So for example, this converts properly.
double bruh = 10.0;
int a = bruh;
cout << bruh << "\n";
But this doesn't.
double bruh = 10.9;
int a = bruh;
cout << bruh << "\n";
In short, it doesn't round automatically so I think that's what constitutes it as "unsafe".
It it not possible to convert all doubles to integers with no risk of losing data.
First, if the double contains a fractional part (42.9), that fractional part will be lost.
Second, doubles can hold a much larger range of values than most integers, something around 1.7e308, so when you get into the larger values you simply won't be able to store them into an integer.
way to convert a double into an integer without risking any undesired errors
in short, it doesn't round automatically so I think that's what constitutes it as "unsafe"
To convert to an integer value:
x = round(x);
To convert to an integer type:
Start with a round function like long lround(double x);. It "Returns the integer value that is nearest in value to x, with halfway cases rounded away from zero."
If the round result is outside the long range, problems occur and code may want to test for that first.

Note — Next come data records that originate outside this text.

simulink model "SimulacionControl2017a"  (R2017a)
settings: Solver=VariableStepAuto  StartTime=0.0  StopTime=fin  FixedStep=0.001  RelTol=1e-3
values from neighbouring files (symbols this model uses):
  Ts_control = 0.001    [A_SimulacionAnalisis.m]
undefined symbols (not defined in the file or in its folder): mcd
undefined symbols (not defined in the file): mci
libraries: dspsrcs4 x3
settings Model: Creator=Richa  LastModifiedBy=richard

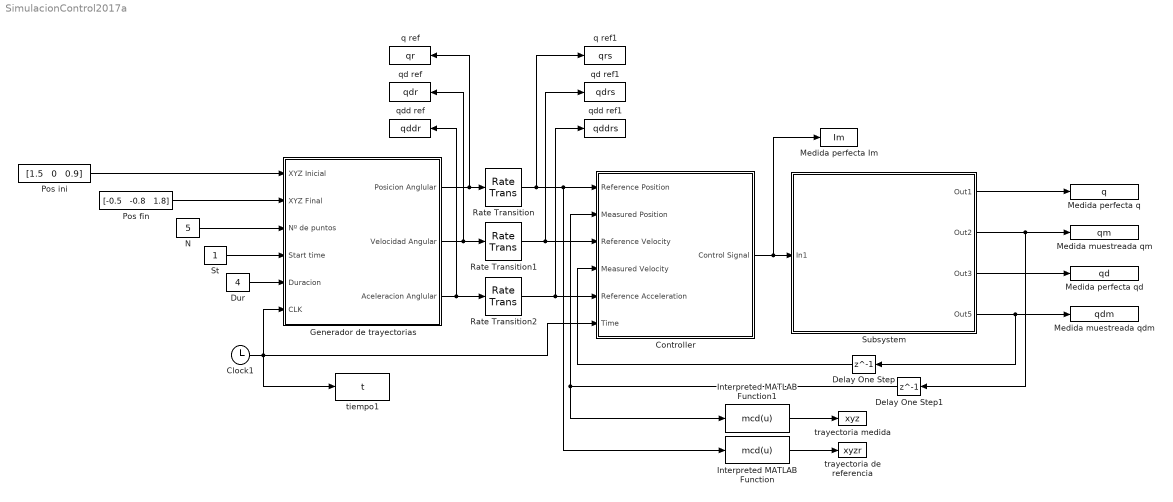
== system SimulacionControl2017a ==
  Clock1 : Clock
  Controller : Subsystem  TreatAsAtomicUnit=on  SystemSampleTime=Ts_control
      mask DialogControl Control2 Prompt: Controller
  Delay One Step : Delay  DelayLength=1
  Delay One Step1 : Delay  DelayLength=1
  Dur : Constant  Value=4
  Generador de trayectorias : Subsystem
      mask Display: image('screenshot.png');
  Interpreted MATLAB Function : MATLABFcn  MATLABFcn=mcd(u)
  Interpreted MATLAB Function1 : MATLABFcn  MATLABFcn=mcd(u)
  Medida muestreada qdm : ToWorkspace  VariableName=qdm  SampleTime=Ts_control
  Medida muestreada qm : ToWorkspace  VariableName=qm  SampleTime=Ts_control
  Medida perfecta Im : ToWorkspace  VariableName=Im
  Medida perfecta q : ToWorkspace  VariableName=q  SampleTime=-1
  Medida perfecta qd : ToWorkspace  VariableName=qd  SampleTime=-1
  N : Constant  Value=5
  Pos fin : Constant  Value="[-0.5   -0.8   1.8]"
  Pos ini : Constant  Value="[1.5   0   0.9]"
  Rate Transition : RateTransition  OutPortSampleTimeMultiple=ZOH  OutPortSampleTime=Ts_reference
  Rate Transition1 : RateTransition  OutPortSampleTime=Ts_reference
  Rate Transition2 : RateTransition  OutPortSampleTime=Ts_reference
  St : Constant
  Subsystem : Subsystem
  q ref : ToWorkspace  VariableName=qr  SampleTime=-1
  q ref1 : ToWorkspace  VariableName=qrs
  qd ref : ToWorkspace  VariableName=qdr  SampleTime=-1
  qd ref1 : ToWorkspace  VariableName=qdrs
  qdd ref : ToWorkspace  VariableName=qddr  SampleTime=-1
  qdd ref1 : ToWorkspace  VariableName=qddrs
  tiempo1 : ToWorkspace  VariableName=t
  trayectoria de referencia : ToWorkspace  VariableName=xyzr
  trayectoria medida : ToWorkspace  VariableName=xyz
  wires:
  Pos fin/1 -> Generador de trayectorias/2(XYZ Final)
  Pos ini/1 -> Generador de trayectorias/1(XYZ Inicial)
  St/1 -> Generador de trayectorias/4(Start time)
  N/1 -> Generador de trayectorias/3(Nº de puntos)
  Dur/1 -> Generador de trayectorias/5(Duracion)
  Clock1/1 -> tiempo1/1, Controller/6(Time), Generador de trayectorias/6(CLK)
  Controller/1(Control Signal) -> Medida perfecta Im/1, Subsystem/1(In1)
  Generador de trayectorias/1(" Posicion Anglular") -> Rate Transition/1, q ref/1
  Generador de trayectorias/2(Velocidad Angular) -> Rate Transition1/1, qd ref/1
  Generador de trayectorias/3(Aceleracion Anglular) -> Rate Transition2/1, qdd ref/1
  Rate Transition1/1 -> Controller/3(Reference Velocity), qd ref1/1
  Rate Transition2/1 -> Controller/5(Reference Acceleration), qdd ref1/1
  Interpreted MATLAB Function/1 -> trayectoria de referencia/1
  Rate Transition/1 -> Interpreted MATLAB Function/1, Controller/1(Reference Position), q ref1/1
  Interpreted MATLAB Function1/1 -> trayectoria medida/1
  Subsystem/3(Out3) -> Medida perfecta qd/1
  Subsystem/1(Out1) -> Medida perfecta q/1
  Subsystem/4(Out5) -> Delay One Step/1, Medida muestreada qdm/1
  Subsystem/2(Out2) -> Delay One Step1/1, Medida muestreada qm/1
  Delay One Step1/1 -> Controller/2(Measured Position), Interpreted MATLAB Function1/1
  Delay One Step/1 -> Controller/4(Measured Velocity)

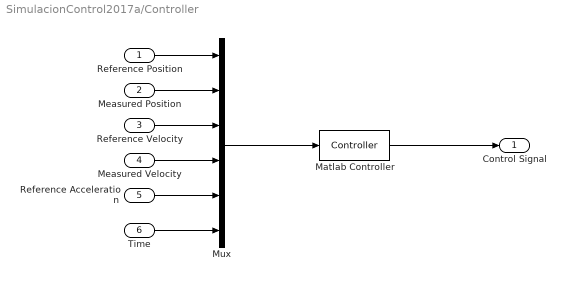
== system SimulacionControl2017a/Controller ==
  Reference Position : Inport
  Measured Position : Inport  Port=2
  Reference Velocity : Inport  Port=3
  Measured Velocity : Inport  Port=4
  Reference Acceleration : Inport  Port=5
  Time : Inport  Port=6
  "Matlab Controller " : MATLABFcn  MATLABFcn=Controller  OutputDimensions=3
  Mux : Mux  Inputs=6
  Control Signal : Outport
  wires:
  Reference Velocity/1 -> Mux/3
  Reference Acceleration/1 -> Mux/5
  Reference Position/1 -> Mux/1
  Measured Position/1 -> Mux/2
  Measured Velocity/1 -> Mux/4
  Mux/1 -> "Matlab Controller "/1
  Time/1 -> Mux/6
  "Matlab Controller "/1 -> Control Signal/1

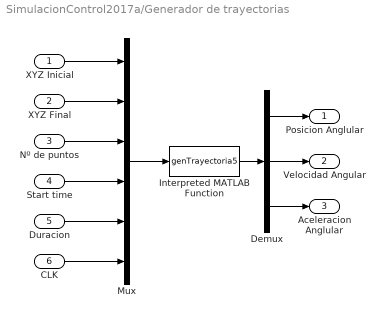
== system SimulacionControl2017a/Generador de trayectorias ==
  XYZ Inicial : Inport
  XYZ Final : Inport  Port=2
  Nº de puntos : Inport  Port=3
  Start time : Inport  Port=4
  Duracion : Inport  Port=5
  CLK : Inport  Port=6
  Demux : Demux  Outputs=3
  Interpreted MATLAB Function : MATLABFcn  MATLABFcn=genTrayectoria5  OutputDimensions=9
  Mux : Mux  Inputs=6
  " Posicion Anglular" : Outport  PortDimensions=3
  Velocidad Angular : Outport  Port=2  PortDimensions=3
  Aceleracion Anglular : Outport  Port=3  PortDimensions=3
  wires:
  Demux/3 -> Aceleracion Anglular/1
  Mux/1 -> Interpreted MATLAB Function/1
  Nº de puntos/1 -> Mux/3
  CLK/1 -> Mux/6
  Start time/1 -> Mux/4
  Interpreted MATLAB Function/1 -> Demux/1
  Duracion/1 -> Mux/5
  XYZ Final/1 -> Mux/2
  XYZ Inicial/1 -> Mux/1
  Demux/1 -> " Posicion Anglular"/1
  Demux/2 -> Velocidad Angular/1

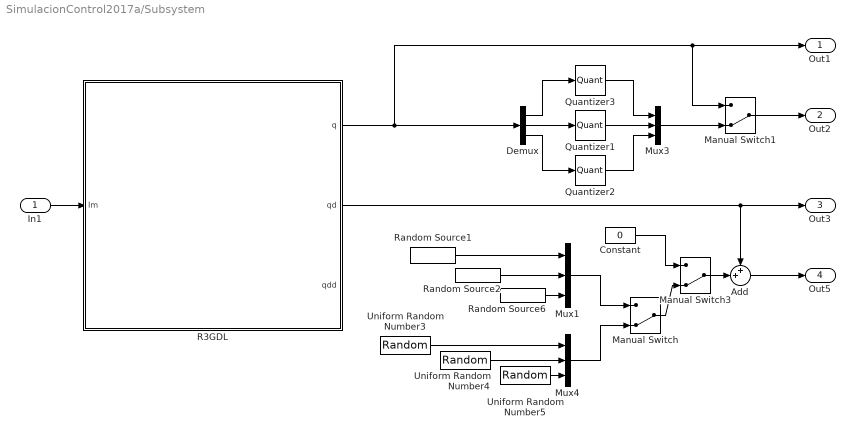
== system SimulacionControl2017a/Subsystem ==
  In1 : Inport
  Add : Sum  Inputs=++|
  Constant : Constant  Value=0
  Demux : Demux  Outputs=3
  Manual Switch : ManualSwitch  CurrentSetting=0
  Manual Switch1 : ManualSwitch  CurrentSetting=0
  Manual Switch3 : ManualSwitch  CurrentSetting=0
  Mux1 : Mux  Inputs=3
  Mux3 : Mux  Inputs=3
  Mux4 : Mux  Inputs=3
  Quantizer1 : Quantizer  QuantizationInterval=2*pi/1024/30
  Quantizer2 : Quantizer  QuantizationInterval=2*pi/1024/15
  Quantizer3 : Quantizer  QuantizationInterval=2*pi/1024/50
  R3GDL : Subsystem  mask(Control y Programación de Robots (4 GIERM)){NGrupo=15, q1_ini=[1 0 0]*mci([1.5   0   0.9],1), q2_ini=[0 1 0]*mci([1.5   0   0.9],1), q3_ini=[0 0 1]*mci([1.5   0   0.9],1), Bl_q1=off, Bl_q2=off, Bl_q3=off, AccionamientoDirecto=on}
      mask prompts: NGrupo "Nº de GRUPO"; q1_ini "q1 inicial  (rad)"; q2_ini "q2 inicial (rad)"; q3_ini "q3_inicial (rad)"; Bl_q1 "Bloqueo q1"; Bl_q2 "Bloqueo q2"; Bl_q3 "Bloqueo q3"; AccionamientoDirecto "Accionamiento directo"
      mask help: Robot de 3 grados de libertad RRR
      mask Display:
      | image(imread('R3GDL_RRR.JPG'));
      | port_label('output', 1, 'q');
      | port_label('output', 2, 'qd');
      | port_label('output', 3, 'qdd');
      | port_label('input', 1, 'Im')
  Random Source1 : dspsrcs4/Random Source  SrcType=Uniform  NormMethod=Ziggurat  CltLength=12  MinVal=-(1500*2*pi/60)*(0.01/50)  MaxVal=(1500*2*pi/60)*(0.01/50)  MeanVal=0  VarVal=1  RepMode=Not repeatable  rawSeed=1  IsInherit=off  SampMode=Continuous  SampTime=1  SampFrame=1  DataType=Double  OutComplex=Real  OutputFrames=off
  Random Source2 : dspsrcs4/Random Source  SrcType=Uniform  NormMethod=Ziggurat  CltLength=12  MinVal=-(1500*2*pi/60)*(0.01/30)  MaxVal=(1500*2*pi/60)*(0.01/30)  MeanVal=0  VarVal=1  RepMode=Not repeatable  rawSeed=1  IsInherit=off  SampMode=Continuous  SampTime=1  SampFrame=1  DataType=Double  OutComplex=Real  OutputFrames=off
  Random Source6 : dspsrcs4/Random Source  SrcType=Uniform  NormMethod=Ziggurat  CltLength=12  MinVal=-(1500*2*pi/60)*(0.01/15)  MaxVal=(1500*2*pi/60)*(0.01/15)  MeanVal=0  VarVal=1  RepMode=Not repeatable  rawSeed=1  IsInherit=off  SampMode=Continuous  SampTime=1  SampFrame=1  DataType=Double  OutComplex=Real  OutputFrames=off
  Uniform Random Number3 : UniformRandomNumber  Minimum=-(1500*2*pi/60)*(0.01/50)  Maximum=(1500*2*pi/60)*(0.01/50)  SampleTime=0.001
  Uniform Random Number4 : UniformRandomNumber  Minimum=-(1500*2*pi/60)*(0.01/30)  Maximum=(1500*2*pi/60)*(0.01/30)  SampleTime=0.001
  Uniform Random Number5 : UniformRandomNumber  Minimum=-(1500*2*pi/60)*(0.01/15)  Maximum=(1500*2*pi/60)*(0.01/15)  SampleTime=0.001
  Out1 : Outport
  Out2 : Outport  Port=2
  Out3 : Outport  Port=3
  Out5 : Outport  Port=4
  wires:
  In1/1 -> R3GDL/1(Im)
  R3GDL/2(qd) -> Add/1, Out3/1
  Add/1 -> Out5/1
  Quantizer2/1 -> Mux3/3
  Demux/1 -> Quantizer3/1
  Quantizer1/1 -> Mux3/2
  Demux/3 -> Quantizer2/1
  Quantizer3/1 -> Mux3/1
  Demux/2 -> Quantizer1/1
  Random Source6/1 -> Mux1/3
  Random Source2/1 -> Mux1/2
  Random Source1/1 -> Mux1/1
  R3GDL/1(q) -> Demux/1, Manual Switch1/1, Out1/1
  Mux1/1 -> Manual Switch/1
  Mux4/1 -> Manual Switch/2
  Manual Switch1/1 -> Out2/1
  Mux3/1 -> Manual Switch1/2
  Uniform Random Number3/1 -> Mux4/1
  Uniform Random Number4/1 -> Mux4/2
  Uniform Random Number5/1 -> Mux4/3
  Manual Switch/1 -> Manual Switch3/2
  Manual Switch3/1 -> Add/2
  Constant/1 -> Manual Switch3/1

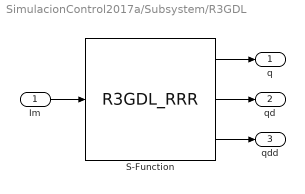
== system SimulacionControl2017a/Subsystem/R3GDL ==
  Im : Inport
  S-Function : S-Function  FunctionName=R3GDL_RRR  Parameters=[q1_ini; q2_ini; q3_ini]; [Bl_q1; Bl_q2; Bl_q3]; AccionamientoDirecto; NGrupo  SFunctionDeploymentMode=off  EnableBusSupport=off
  q : Outport
  qd : Outport  Port=2
  qdd : Outport  Port=3
  wires:
  Im/1 -> S-Function/1
  S-Function/1 -> q/1
  S-Function/2 -> qd/1
  S-Function/3 -> qdd/1

// Carefully form a double the is 1 more than LONG_MAX
#define LONG_MAXP1 ((LONG_MAX/2 + 1)*2.0)
long val = 0;
if (x - LONG_MAXP1 < -0.5 && x - LONG_MIN > -0.5) {
val = lround(x);
} else {
Handle_error();
}
Detail: in order to test if a double is in range to round to a long, it is important to test the endpoints carefully. The mathematical valid range is (LONG_MIN-0.5 ... LONG_MAX + 0.5), yet those endpoints may not be exactly representable as a double. Instead code uses nearby LONG_MIN and LONG_MAXP1 whose magnitudes are powers of 2 and easy to represent exactly as a double.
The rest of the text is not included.